*** Supplied material ***

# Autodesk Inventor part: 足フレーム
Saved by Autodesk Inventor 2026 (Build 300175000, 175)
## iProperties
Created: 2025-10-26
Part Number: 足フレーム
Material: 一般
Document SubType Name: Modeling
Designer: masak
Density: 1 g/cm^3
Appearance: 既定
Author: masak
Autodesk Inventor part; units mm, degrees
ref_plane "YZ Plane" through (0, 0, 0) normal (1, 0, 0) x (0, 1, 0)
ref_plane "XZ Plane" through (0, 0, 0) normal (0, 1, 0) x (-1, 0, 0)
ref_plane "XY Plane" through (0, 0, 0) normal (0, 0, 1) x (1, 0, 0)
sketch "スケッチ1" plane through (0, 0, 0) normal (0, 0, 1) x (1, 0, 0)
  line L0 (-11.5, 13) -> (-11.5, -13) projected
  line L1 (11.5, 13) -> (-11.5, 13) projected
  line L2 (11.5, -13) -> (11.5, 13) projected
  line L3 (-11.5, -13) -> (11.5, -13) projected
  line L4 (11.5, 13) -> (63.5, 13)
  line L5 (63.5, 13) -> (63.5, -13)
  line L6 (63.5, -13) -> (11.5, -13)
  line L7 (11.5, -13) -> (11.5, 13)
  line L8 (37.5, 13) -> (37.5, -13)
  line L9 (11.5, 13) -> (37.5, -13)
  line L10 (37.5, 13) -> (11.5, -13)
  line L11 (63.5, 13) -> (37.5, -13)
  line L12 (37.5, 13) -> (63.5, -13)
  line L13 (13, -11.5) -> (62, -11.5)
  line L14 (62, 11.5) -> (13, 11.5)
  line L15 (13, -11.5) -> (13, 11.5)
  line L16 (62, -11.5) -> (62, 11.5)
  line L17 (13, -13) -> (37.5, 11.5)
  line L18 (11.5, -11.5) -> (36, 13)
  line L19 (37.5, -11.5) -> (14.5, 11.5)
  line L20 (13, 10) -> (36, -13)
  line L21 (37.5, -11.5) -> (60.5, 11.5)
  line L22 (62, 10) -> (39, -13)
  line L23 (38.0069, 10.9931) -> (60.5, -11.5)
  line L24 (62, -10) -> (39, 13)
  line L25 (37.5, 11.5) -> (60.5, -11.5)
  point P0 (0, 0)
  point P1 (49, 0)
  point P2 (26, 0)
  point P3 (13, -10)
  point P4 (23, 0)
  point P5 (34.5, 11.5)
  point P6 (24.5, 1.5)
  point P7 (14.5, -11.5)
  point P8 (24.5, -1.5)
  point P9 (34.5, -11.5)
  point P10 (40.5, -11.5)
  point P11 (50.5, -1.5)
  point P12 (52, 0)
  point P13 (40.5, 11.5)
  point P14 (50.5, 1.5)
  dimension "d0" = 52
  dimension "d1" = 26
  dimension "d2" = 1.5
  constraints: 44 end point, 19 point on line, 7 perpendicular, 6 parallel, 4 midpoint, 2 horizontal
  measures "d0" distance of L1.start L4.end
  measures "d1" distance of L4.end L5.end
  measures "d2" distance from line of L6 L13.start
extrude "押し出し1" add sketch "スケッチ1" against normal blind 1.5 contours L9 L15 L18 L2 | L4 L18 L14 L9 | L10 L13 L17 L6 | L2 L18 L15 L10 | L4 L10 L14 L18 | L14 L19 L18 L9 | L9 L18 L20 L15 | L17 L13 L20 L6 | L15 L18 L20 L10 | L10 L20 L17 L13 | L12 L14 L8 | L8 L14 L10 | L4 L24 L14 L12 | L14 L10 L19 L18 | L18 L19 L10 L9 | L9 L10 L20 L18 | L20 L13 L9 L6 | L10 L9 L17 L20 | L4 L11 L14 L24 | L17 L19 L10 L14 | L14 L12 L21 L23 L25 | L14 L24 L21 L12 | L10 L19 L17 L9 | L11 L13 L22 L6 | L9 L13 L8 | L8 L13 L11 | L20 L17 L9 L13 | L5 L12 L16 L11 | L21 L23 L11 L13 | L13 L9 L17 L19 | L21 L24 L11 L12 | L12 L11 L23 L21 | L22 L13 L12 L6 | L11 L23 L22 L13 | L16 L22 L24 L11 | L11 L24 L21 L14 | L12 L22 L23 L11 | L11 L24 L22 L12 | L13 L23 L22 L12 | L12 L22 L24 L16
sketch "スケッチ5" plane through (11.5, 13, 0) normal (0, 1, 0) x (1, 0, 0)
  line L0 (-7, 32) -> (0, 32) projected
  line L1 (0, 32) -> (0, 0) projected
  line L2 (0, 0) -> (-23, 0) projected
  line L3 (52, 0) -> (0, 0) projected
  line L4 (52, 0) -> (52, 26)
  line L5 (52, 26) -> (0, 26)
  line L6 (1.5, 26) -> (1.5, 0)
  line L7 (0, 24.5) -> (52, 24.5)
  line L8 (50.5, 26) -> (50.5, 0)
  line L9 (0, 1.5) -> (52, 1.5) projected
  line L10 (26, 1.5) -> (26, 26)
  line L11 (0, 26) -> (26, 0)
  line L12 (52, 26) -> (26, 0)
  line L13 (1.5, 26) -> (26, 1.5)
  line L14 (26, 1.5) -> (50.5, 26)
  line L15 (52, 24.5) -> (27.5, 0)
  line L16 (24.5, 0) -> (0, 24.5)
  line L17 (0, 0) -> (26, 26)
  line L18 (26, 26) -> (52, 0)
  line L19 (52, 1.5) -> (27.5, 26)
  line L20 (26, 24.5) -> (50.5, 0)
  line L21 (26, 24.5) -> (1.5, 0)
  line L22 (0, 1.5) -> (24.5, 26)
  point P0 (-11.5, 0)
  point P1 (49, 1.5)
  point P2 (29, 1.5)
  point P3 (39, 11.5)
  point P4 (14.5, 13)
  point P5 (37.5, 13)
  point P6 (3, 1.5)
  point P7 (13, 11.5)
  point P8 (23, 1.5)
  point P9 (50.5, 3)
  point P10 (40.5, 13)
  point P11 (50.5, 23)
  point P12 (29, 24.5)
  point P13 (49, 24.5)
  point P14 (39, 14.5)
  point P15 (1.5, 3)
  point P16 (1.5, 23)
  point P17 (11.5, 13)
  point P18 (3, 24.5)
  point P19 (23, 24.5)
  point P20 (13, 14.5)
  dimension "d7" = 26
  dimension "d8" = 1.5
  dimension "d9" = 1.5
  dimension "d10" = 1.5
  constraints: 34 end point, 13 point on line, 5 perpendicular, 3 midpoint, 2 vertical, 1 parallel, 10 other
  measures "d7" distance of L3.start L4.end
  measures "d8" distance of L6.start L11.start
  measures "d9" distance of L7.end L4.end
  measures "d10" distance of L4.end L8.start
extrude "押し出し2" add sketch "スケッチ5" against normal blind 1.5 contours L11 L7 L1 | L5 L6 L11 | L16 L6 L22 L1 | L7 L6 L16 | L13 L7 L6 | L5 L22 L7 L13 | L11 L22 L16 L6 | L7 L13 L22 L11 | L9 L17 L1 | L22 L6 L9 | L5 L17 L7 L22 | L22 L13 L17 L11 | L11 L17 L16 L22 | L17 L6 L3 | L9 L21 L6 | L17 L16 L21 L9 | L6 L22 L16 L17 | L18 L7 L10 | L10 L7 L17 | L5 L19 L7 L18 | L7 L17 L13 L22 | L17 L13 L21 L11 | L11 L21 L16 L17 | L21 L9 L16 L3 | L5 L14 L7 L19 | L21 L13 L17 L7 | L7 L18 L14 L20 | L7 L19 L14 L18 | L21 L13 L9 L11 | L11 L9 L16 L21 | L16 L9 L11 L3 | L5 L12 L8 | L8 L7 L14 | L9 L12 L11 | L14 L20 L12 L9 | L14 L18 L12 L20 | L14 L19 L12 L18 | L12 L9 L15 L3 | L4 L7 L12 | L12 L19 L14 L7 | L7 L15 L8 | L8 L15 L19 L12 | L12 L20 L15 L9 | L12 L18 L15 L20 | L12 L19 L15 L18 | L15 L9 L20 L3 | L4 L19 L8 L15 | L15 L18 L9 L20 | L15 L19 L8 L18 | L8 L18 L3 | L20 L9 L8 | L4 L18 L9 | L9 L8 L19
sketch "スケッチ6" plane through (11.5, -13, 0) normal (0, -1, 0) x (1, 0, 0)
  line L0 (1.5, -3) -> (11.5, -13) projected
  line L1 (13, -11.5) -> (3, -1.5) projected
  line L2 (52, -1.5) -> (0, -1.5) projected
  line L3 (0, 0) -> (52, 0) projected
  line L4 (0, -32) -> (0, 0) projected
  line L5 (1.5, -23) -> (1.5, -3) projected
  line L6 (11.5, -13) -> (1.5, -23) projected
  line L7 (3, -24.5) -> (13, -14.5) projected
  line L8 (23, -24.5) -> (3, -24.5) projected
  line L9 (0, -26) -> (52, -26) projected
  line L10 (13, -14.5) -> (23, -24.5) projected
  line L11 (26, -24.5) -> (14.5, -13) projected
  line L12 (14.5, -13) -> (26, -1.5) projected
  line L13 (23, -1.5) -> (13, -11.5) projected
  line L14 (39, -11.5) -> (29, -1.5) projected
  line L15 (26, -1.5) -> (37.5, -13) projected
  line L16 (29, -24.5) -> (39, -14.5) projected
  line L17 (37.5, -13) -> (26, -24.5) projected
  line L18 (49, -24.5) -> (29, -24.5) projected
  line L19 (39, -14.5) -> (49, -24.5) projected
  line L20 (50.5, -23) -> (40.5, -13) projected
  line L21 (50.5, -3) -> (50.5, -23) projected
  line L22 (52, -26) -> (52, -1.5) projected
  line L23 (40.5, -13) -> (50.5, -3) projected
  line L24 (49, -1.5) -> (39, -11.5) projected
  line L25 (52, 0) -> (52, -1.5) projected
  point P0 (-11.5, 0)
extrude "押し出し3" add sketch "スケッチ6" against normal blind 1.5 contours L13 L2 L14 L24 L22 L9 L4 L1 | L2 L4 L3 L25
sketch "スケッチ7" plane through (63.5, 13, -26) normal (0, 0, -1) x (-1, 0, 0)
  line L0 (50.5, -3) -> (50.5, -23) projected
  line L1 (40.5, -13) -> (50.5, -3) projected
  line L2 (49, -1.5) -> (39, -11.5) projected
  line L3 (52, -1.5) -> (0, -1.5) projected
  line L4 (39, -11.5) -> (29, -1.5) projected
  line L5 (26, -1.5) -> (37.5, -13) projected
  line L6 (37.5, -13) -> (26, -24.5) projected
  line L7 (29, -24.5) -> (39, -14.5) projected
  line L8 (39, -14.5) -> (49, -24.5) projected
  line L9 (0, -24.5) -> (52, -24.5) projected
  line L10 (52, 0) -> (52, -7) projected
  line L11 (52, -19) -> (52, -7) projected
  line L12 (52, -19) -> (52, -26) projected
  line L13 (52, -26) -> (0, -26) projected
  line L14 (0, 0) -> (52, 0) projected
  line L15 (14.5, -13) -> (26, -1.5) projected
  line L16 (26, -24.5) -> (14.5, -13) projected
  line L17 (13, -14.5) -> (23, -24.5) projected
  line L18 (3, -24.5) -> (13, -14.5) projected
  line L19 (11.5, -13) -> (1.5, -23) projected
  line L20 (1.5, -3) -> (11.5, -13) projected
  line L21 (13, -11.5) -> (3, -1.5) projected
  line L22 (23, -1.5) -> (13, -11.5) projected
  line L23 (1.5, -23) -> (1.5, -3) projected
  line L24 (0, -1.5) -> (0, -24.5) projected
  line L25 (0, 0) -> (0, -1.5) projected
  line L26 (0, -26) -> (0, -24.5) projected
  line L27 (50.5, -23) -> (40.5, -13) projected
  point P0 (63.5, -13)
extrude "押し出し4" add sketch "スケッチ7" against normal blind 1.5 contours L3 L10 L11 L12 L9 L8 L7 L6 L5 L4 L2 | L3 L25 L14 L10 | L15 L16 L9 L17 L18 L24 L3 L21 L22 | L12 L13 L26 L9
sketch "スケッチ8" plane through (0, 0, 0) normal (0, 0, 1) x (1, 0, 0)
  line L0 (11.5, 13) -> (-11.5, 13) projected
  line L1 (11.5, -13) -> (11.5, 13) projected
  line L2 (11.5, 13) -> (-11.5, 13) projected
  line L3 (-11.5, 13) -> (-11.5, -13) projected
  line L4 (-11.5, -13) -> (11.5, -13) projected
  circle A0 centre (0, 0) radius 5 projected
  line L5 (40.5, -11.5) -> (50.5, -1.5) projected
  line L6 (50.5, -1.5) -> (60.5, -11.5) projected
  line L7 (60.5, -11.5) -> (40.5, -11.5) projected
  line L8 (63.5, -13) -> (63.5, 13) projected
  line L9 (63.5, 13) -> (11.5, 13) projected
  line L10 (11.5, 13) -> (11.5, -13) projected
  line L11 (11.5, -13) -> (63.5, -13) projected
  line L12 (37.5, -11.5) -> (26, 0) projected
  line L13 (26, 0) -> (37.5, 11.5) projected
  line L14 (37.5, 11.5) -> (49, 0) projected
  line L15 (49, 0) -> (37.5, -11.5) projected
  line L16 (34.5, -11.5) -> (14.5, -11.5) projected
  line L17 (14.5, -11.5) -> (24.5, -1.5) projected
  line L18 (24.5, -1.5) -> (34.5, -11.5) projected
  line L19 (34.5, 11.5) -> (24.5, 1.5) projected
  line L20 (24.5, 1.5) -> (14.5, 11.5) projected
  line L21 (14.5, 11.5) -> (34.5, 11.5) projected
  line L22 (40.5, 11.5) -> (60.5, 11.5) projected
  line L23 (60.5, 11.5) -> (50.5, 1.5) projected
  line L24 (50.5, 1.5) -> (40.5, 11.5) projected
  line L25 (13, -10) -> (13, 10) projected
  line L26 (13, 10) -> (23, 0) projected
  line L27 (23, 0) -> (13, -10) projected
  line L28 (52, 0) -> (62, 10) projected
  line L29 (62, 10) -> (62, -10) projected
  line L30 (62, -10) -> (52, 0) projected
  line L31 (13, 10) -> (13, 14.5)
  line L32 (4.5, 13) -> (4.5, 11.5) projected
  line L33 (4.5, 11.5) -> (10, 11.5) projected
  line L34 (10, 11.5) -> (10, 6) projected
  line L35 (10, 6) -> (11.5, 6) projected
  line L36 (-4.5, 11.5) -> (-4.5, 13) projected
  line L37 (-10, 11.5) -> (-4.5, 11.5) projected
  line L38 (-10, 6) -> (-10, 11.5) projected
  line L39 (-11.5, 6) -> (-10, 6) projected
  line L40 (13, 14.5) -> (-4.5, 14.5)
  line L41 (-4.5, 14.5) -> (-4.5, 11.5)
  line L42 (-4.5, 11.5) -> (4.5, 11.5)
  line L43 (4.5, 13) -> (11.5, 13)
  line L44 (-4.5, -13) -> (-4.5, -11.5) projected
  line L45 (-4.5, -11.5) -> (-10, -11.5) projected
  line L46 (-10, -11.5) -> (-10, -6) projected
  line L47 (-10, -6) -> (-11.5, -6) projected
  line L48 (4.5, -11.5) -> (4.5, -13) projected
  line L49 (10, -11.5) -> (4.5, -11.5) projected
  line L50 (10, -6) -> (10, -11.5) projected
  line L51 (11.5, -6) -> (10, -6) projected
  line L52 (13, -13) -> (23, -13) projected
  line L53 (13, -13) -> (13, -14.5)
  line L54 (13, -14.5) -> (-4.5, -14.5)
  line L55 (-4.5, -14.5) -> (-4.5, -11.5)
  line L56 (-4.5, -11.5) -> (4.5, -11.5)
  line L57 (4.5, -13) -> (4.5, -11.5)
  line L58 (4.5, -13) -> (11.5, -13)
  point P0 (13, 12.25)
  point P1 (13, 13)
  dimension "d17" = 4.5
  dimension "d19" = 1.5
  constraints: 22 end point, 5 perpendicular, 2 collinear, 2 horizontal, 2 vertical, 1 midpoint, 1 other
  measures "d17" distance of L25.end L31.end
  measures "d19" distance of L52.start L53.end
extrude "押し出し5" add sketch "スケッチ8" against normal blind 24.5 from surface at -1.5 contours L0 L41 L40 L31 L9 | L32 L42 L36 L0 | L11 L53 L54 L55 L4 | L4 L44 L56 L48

***

**What the task asks**
Pull every line containing "Autodesk" from the entries above and copy it.

**Task output**
# Autodesk Inventor part: 足フレーム
Saved by Autodesk Inventor 2026 (Build 300175000, 175)
Autodesk Inventor part; units mm, degrees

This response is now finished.